Американский писатель Скайлер, в своих воспоминаниях о Толстом, так передает рассказ Л. Н-ча об этом свидании, дополняя его потом собранными сведениями:
"Помогая Толстому приводить в порядок его библиотеку, я помню, говорит Скайлер, - что собранию сочинений Ауэрбаха было дано первое место на первой полке, и, вынув два тома "Ein neues Leiben" (*), Толстой сказал мне, чтобы я прочел их, когда лягу спать, как весьма замечательную книгу, и прибавил:
(* "Новая жизнь". *)
- Этому писателю я был обязан, что открыл школу для моих крестьян и заинтересовался народным образованием. Когда я во второй раз вернулся в Европу, я посетил Ауэрбаха, не называя себя. Когда он вошел в комнату, я сказал только: "я - Евгений Бауман" (*), и когда он показал смущение, я поспешил прибавить: "не действительно по имени, но по характеру". И тогда я сказал ему, кто я, как сочинения его заставили меня думать, и как хорошо они на меня подействовали".
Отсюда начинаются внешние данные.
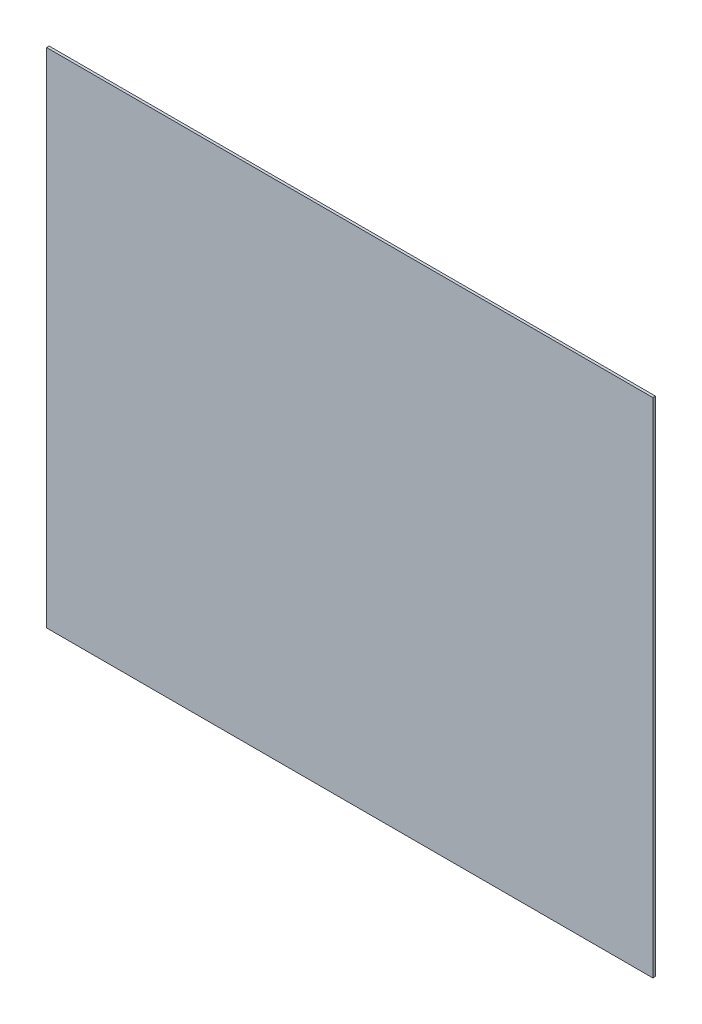
from build123d import *

# Parameters (mm, degrees)
SKETCH1_W           = 742.95
SKETCH1_H           = 615.95
BOSS_EXTRUDE1_DEPTH = 3.175


with BuildPart() as part:
    # Sketch1 → Boss-Extrude1 (new body)
    with BuildSketch(Plane.XY):
        Rectangle(SKETCH1_W, SKETCH1_H)
    extrude(amount=BOSS_EXTRUDE1_DEPTH)


solid = part.part
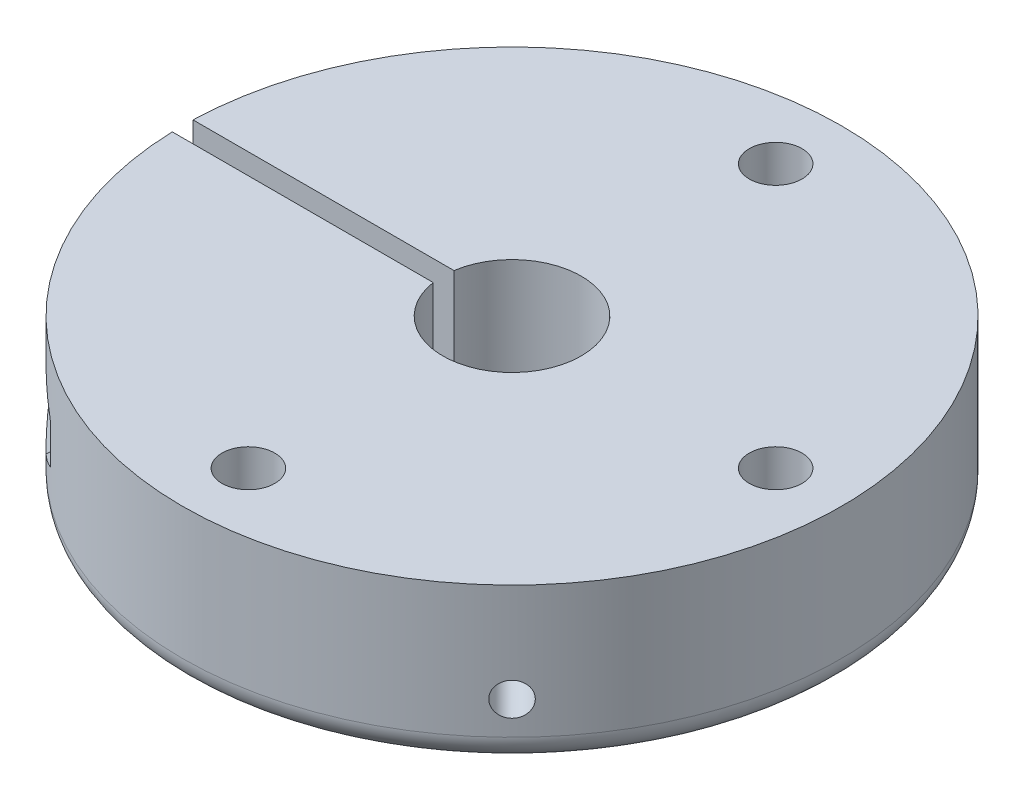
from build123d import *

# Parameters (mm, degrees)
SKETCH1_R               = 2
BOSS_EXTRUDE1_DEPTH     = 12
CUT_EXTRUDE1_REACH      = 63.528
CUT_EXTRUDE1_END_RADIUS = 5.25
SKETCH2_R               = 1.25
CUT_EXTRUDE2_REACH      = 45.868
CUT_EXTRUDE2_END_RADIUS = 25
CUT_EXTRUDE2_START      = -6
SKETCH3_R               = 3
CUT_EXTRUDE3_DEPTH      = 38.868128668
CUT_EXTRUDE3_DEPTH_BACK = 38.868128668
SKETCH3_4_R             = 1.5
CUT_EXTRUDE4_REACH      = 50.868
CUT_EXTRUDE4_END_RADIUS = 25
CUT_EXTRUDE4_START      = 11
FILLET1_R               = 2


with BuildPart() as part:
    # Sketch1 → Boss-Extrude1 (new body)
    with BuildSketch(Plane(origin=(0, 0, 0), x_dir=(1, 0, 0), z_dir=(0, 1, 0))):
        with BuildLine():
            ThreePointArc((-24.987593797, -0.7875), (25, 0), (-24.987593797, 0.7875))
            Line((-24.987593797, 0.7875), (-5.190601482, 0.7875))
            ThreePointArc((-5.190601482, 0.7875), (5.25, 0), (-5.190601482, -0.7875))
            Line((-5.190601482, -0.7875), (-24.987593797, -0.7875))
        make_face()
        with Locations(Location((0, 20, 0), (0, 0, 270))):
            Circle(SKETCH1_R, mode=Mode.SUBTRACT)
        with Locations(Location((20, 0, 0), (0, 0, 270))):
            Circle(SKETCH1_R, mode=Mode.SUBTRACT)
        with Locations(Location((0, -20, 0), (0, 0, 270))):
            Circle(SKETCH1_R, mode=Mode.SUBTRACT)
    extrude(amount=BOSS_EXTRUDE1_DEPTH)

    # Cut-Extrude1: up to this cylinder (the profile starts outside it)
    cut_extrude1_end = Plane(origin=(0, 4.5, 0), z_dir=(0, -1, 0)) * Cylinder(CUT_EXTRUDE1_END_RADIUS, 138.556, mode=Mode.PRIVATE)
    # Sketch2 → Cut-Extrude1 (cut, up to the surface)
    with BuildSketch(Plane(origin=(17.67766953, 0, 17.67766953), x_dir=(0, -1, 0), z_dir=(0.7071067811865464, 0, 0.7071067811865488)), mode=Mode.PRIVATE) as cut_extrude1_sk1:
        with Locations(Location((-4.5, 0, 0), (0, 0, 90))):
            Circle(SKETCH2_R)
    cut_extrude1_tool1 = extrude(cut_extrude1_sk1.sketch, amount=-CUT_EXTRUDE1_REACH, mode=Mode.PRIVATE) - cut_extrude1_end
    add(cut_extrude1_tool1.solids().sort_by_distance((17.67767, 4.5, 17.67767))[0], mode=Mode.SUBTRACT)

    # Cut-Extrude2: up to this cylinder (the profile starts inside it)
    cut_extrude2_end = Plane(origin=(0, 6, 0), z_dir=(0, -1, 0)) * Cylinder(CUT_EXTRUDE2_END_RADIUS, 142.736, mode=Mode.PRIVATE)
    # Sketch3 → Cut-Extrude2 (cut, up to the surface)
    with BuildSketch(Plane.XY.offset(-0.7875).offset(CUT_EXTRUDE2_START), mode=Mode.PRIVATE) as cut_extrude2_sk1:
        with Locations((-17.487593797, 6)):
            Circle(SKETCH3_R)
    cut_extrude2_tool1 = extrude(cut_extrude2_sk1.sketch, amount=-CUT_EXTRUDE2_REACH, mode=Mode.PRIVATE) & cut_extrude2_end
    add(cut_extrude2_tool1.solids().sort_by_distance((-17.487594, 6, -6.7875))[0], mode=Mode.SUBTRACT)

    # Sketch3<4> → Cut-Extrude3 (cut, two sides: drawn at the far end of the back side and taken through both)
    with BuildSketch(Plane.XY.offset(-0.7875).offset(-CUT_EXTRUDE3_DEPTH_BACK)):
        with Locations((-17.487593797, 6)):
            Circle(SKETCH3_4_R)
    extrude(amount=CUT_EXTRUDE3_DEPTH + CUT_EXTRUDE3_DEPTH_BACK, mode=Mode.SUBTRACT)

    # Cut-Extrude4: up to this cylinder (the profile starts inside it)
    cut_extrude4_end = Plane(origin=(0, 6, 0), z_dir=(0, -1, 0)) * Cylinder(CUT_EXTRUDE4_END_RADIUS, 152.736, mode=Mode.PRIVATE)
    # Sketch5 → Cut-Extrude4 (cut, up to the surface)
    with BuildSketch(Plane.XY.offset(-0.7875).offset(CUT_EXTRUDE4_START), mode=Mode.PRIVATE) as cut_extrude4_sk1:
        Polygon((-14.987593797, 7.443375673), (-17.487593797, 8.886751346), (-19.987593797, 7.443375673), (-19.987593797, 4.556624327), (-17.487593797, 3.113248654), (-14.987593797, 4.556624327), align=None)
    cut_extrude4_tool1 = extrude(cut_extrude4_sk1.sketch, amount=CUT_EXTRUDE4_REACH, mode=Mode.PRIVATE) & cut_extrude4_end
    add(cut_extrude4_tool1.solids().sort_by_distance((-17.487594, 6, 10.2125))[0], mode=Mode.SUBTRACT)

    # Fillet1
    fillet1_edges = [part.edges().sort_by_distance(p)[0] for p in [
        (25, 0, 0),
    ]]
    fillet(fillet1_edges, radius=FILLET1_R)


solid = part.part
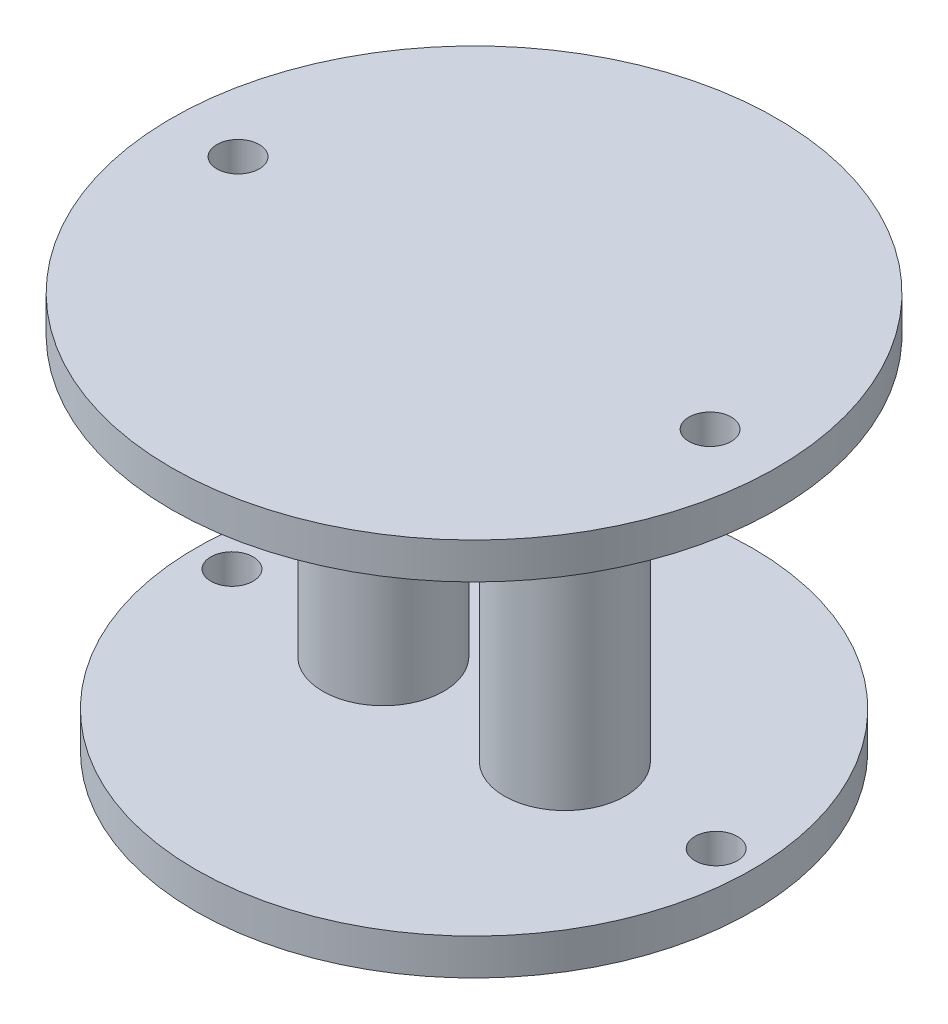
from build123d import *

# Parameters (mm, degrees)
SKETCH_1_R      = 23
SKETCH_1_R_2    = 1.75
SKETCH_1_R_3    = 5
EXTRUDE_1_DEPTH = 3
SKETCH_1_3_R    = 5
EXTRUDE_2_DEPTH = 32.75
SKETCH_2_R      = 25
SKETCH_2_R_2    = 1.75
EXTRUDE_3_DEPTH = 3


with BuildPart() as part:
    # 草图1 → 凸台-拉伸1 (new body)
    with BuildSketch(Plane(origin=(0, 0, 0), x_dir=(1, 0, 0), z_dir=(0, 1, 0))):
        with Locations(Location((7.5, 0, 0), (0, 0, 270))):
            Circle(SKETCH_1_R)
        with Locations(Location((27.5, 0, 0), (0, 0, 270))):
            Circle(SKETCH_1_R_2, mode=Mode.SUBTRACT)
        with Locations(Location((-12.5, 0, 0), (0, 0, 270))):
            Circle(SKETCH_1_R_2, mode=Mode.SUBTRACT)
        with Locations(Location((0, 0, 0), (0, 0, 270))):
            Circle(SKETCH_1_R_3, mode=Mode.SUBTRACT)
        with Locations(Location((15, 0, 0), (0, 0, 270))):
            Circle(SKETCH_1_R_3, mode=Mode.SUBTRACT)
    extrude(amount=EXTRUDE_1_DEPTH)

    # 草图1<3> → 凸台-拉伸2 (add)
    with BuildSketch(Plane(origin=(0, 0, 0), x_dir=(1, 0, 0), z_dir=(0, 1, 0))):
        with Locations(Location((0, 0, 0), (0, 0, 270))):
            Circle(SKETCH_1_3_R)
        with Locations(Location((15, 0, 0), (0, 0, 270))):
            Circle(SKETCH_1_3_R)
    extrude(amount=EXTRUDE_2_DEPTH)

    # 草图2 → 凸台-拉伸3 (add)
    with BuildSketch(Plane(origin=(0, 32.75, 0), x_dir=(1, 0, 0), z_dir=(0, 1, 0))):
        with Locations(Location((7.5, 0, 0), (0, 0, 270))):
            Circle(SKETCH_2_R)
        with Locations(Location((-12, 0, 0), (0, 0, 270))):
            Circle(SKETCH_2_R_2, mode=Mode.SUBTRACT)
        with Locations(Location((27, 0, 0), (0, 0, 270))):
            Circle(SKETCH_2_R_2, mode=Mode.SUBTRACT)
    extrude(amount=-EXTRUDE_3_DEPTH)


solid = part.part

(* Герой повести Ауэрбаха. *)
Случай привел меня, - продолжает Скайлер, - следующей зимой провести несколько дней в Берлине, где в гостеприимном доме американского посланника Банкрофта я имел удовольствие встретить Ауэрбаха, с которым во время моего пребывания там я хорошо познакомился; в разговоре о России мы говорили и о Толстом, и я напомнил ему об этом случае.
- Да, - сказал он, - я всегда вспоминаю, как я испугался, когда этот странно глядящий господин сказал мне, что он - Евгений Бауман, потому что я боялся, что он будет грозить мне за пасквиль или диффамацию" (*).
(* "Л. Н. Толстой". Воспоминания Евг. Скайлера. "Русская старина", октябрь 1890, с. 261. *)
Осмотр саксонских школ не удовлетворил Льва Николаевича.
В его путевых заметках мы находим следующую краткую характеристику этих школ:
"Был в школе. Ужасно. Молитва за короля, побои, все наизусть, напуганные, изуродованные дети".
19-го июля он поехал дальше и прибыл в Киссинген, приблизясь таким образом к брату. По дороге он читает историю педагогики.
Оттуда Лев Николаевич писал своей тетке 5 августа 1860 года:
"Не писал я вам так долго, chere tante, потому что хотелось сообщить вам известия не об одном себе, но и о всех наших. Но вот уже 10 дней напрасно жду от них писем. Мы с Машенькой доехали благополучно до Берлина. Покачало и порвало нас только один день.
В Берлине мы с Машей и Варенькой были у знаменитого доктора Траубе. Он здоровье Маши нашел хорошим и послал ее только для руки в Соден. Вареньке велел морские купанья и тоже нашел, что ее сердце и легкие невредимы. Мне посоветовал Киссинген, где я нахожусь. В Берлине у меня сделалась страшная зубная боль, так что Маша, пробыв 4 дня, поехала в Соден, а я остался. В Берлине мы имели письмо от братьев, в котором Николай пишет, что ему Соден, кажется, помог. Вот все, что я о них знаю. В Берлине я пробыл дней 10 очень приятно и полезно для себя. Зубная боль промучила меня 4 дня. Киссинген, как можно судить по 9 дням, кажется, мне очень поможет от моих мигреней и геморроидальных припадков. Здесь я нашел Ауэрбаха (*) со страшными глазами, которому я очень рад, и его пискливую жену, которой я не рад. Адрес мой: En Bavarie Kissingen. Надеюсь, что вы напишете мне. Прощайте, целую ваши ручки. Старосте велите мне наиподробнейшим образом написать о работах, уборке и о лошадях и болезнях. Учителю велите написать о школе, сколько учеников ходят и хорошо ли учатся. Я вернусь осенью непременно и более, чем когда-либо, займусь школой, поэтому желал бы, чтобы без меня не пропала репутация школы, и чтоб побольше с разных сторон было школьников".